* [TO DO] From the line that includes "Actuators FCS AC/1 -> Nonlinear" to the last line of the records, inclusive, repeat each line exactly.

☆ ☆ ☆

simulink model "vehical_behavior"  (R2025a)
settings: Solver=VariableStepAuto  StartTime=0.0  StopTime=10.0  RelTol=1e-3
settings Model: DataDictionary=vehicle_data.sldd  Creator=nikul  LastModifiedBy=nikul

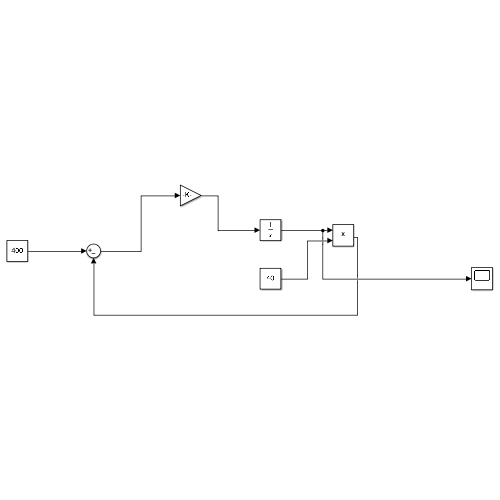
[thumbnail: Simulink's stored preview of the top-level diagram]
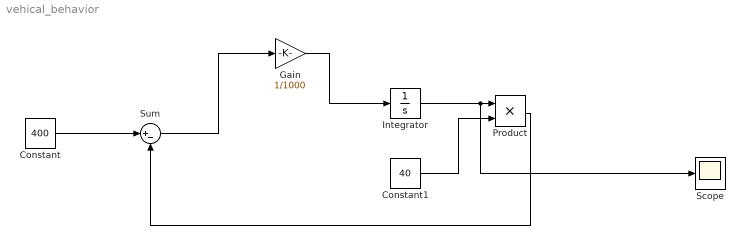
== system vehical_behavior ==
  Constant : Constant  Value=400
  Constant1 : Constant  Value=40
  Gain : Gain  Gain=1/1000
  Integrator : Integrator
  Product : Product
  Scope : Scope
      settings: ActiveDisplayYMinimum=-0.41209994245544784  ActiveDisplayYMaximum=3.7088994820990315
  Sum : Sum  Inputs=|+-
  wires:
  Constant/1 -> Sum/1
  Integrator/1 -> Scope/1, Product/1
  Product/1 -> Sum/2
  Sum/1 -> Gain/1
  Gain/1 -> Integrator/1
  Constant1/1 -> Product/2
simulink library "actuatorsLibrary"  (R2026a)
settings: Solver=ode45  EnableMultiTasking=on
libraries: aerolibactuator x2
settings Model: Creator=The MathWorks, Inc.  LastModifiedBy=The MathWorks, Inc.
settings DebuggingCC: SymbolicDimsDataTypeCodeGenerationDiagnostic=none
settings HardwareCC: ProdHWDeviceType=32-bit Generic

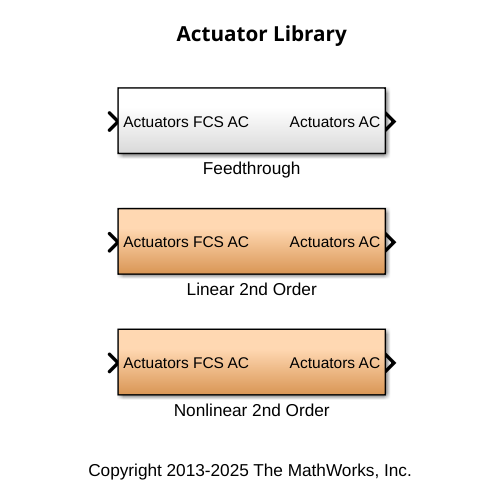
[thumbnail: Simulink's stored preview of the top-level diagram]
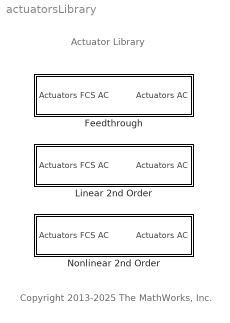
== system actuatorsLibrary ==
  note: Actuator Library
  note: Copyright 2013-2025 The MathWorks, Inc.
  Feedthrough : Subsystem  VariantControl=Variants.Actuators == 0
  Linear 2nd Order : Subsystem  VariantControl=Variants.Actuators == 1
  Nonlinear 2nd Order : Subsystem  VariantControl=Variants.Actuators == 2

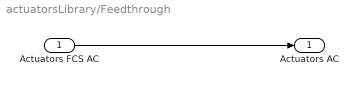
== system actuatorsLibrary/Feedthrough ==
  Actuators FCS AC : Inport
  Actuators AC : Outport  VectorParamsAs1DForOutWhenUnconnected=off
  wires:
  Actuators FCS AC/1 -> Actuators AC/1

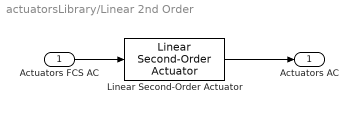
== system actuatorsLibrary/Linear 2nd Order ==
  Actuators FCS AC : Inport
  Linear Second-Order Actuator : aerolibactuator/Linear Second-Order Actuator  wn_fin=Vehicle.Nonlinear.Nonlinear.ACModel.Actuator.Linear.natFreq  z_fin=Vehicle.Nonlinear.Nonlinear.ACModel.Actuator.Linear.damping  fin_act_0=Vehicle.Nonlinear.Nonlinear.ACModel.Actuator.Linear.initPosition  fin_act_vel=Vehicle.Nonlinear.Nonlinear.ACModel.Actuator.Linear.initVelocity
  Actuators AC : Outport  VectorParamsAs1DForOutWhenUnconnected=off
  wires:
  Actuators FCS AC/1 -> Linear Second-Order Actuator/1
  Linear Second-Order Actuator/1 -> Actuators AC/1

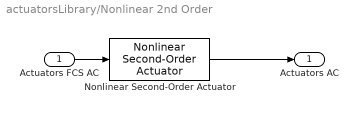
== system actuatorsLibrary/Nonlinear 2nd Order ==
  Actuators FCS AC : Inport
  Nonlinear Second-Order Actuator : aerolibactuator/Nonlinear Second-Order Actuator  wn_fin=Vehicle.Nonlinear.Nonlinear.ACModel.Actuator.NonLinear.natFreq  z_fin=Vehicle.Nonlinear.Nonlinear.ACModel.Actuator.NonLinear.damping  fin_max=Vehicle.Nonlinear.Nonlinear.ACModel.Actuator.NonLinear.maxDeflection  fin_min=Vehicle.Nonlinear.Nonlinear.ACModel.Actuator.NonLinear.minDeflection  fin_maxrate=Vehicle.Nonlinear.Nonlinear.ACModel.Actuator.NonLinear.rateLimit  fin_act_0=Vehicle.Nonlinear.Nonlinear.ACModel.Actuator.NonLinear.initPosition  fin_act_vel=Vehicle.Nonlinear.Nonlinear.ACModel.Actuator.NonLinear.initVelocity
  Actuators AC : Outport  VectorParamsAs1DForOutWhenUnconnected=off
  wires:
  Actuators FCS AC/1 -> Nonlinear Second-Order Actuator/1
  Nonlinear Second-Order Actuator/1 -> Actuators AC/1

☆ ☆ ☆

* [RESPONSE BOX]
  Actuators FCS AC/1 -> Nonlinear Second-Order Actuator/1
  Nonlinear Second-Order Actuator/1 -> Actuators AC/1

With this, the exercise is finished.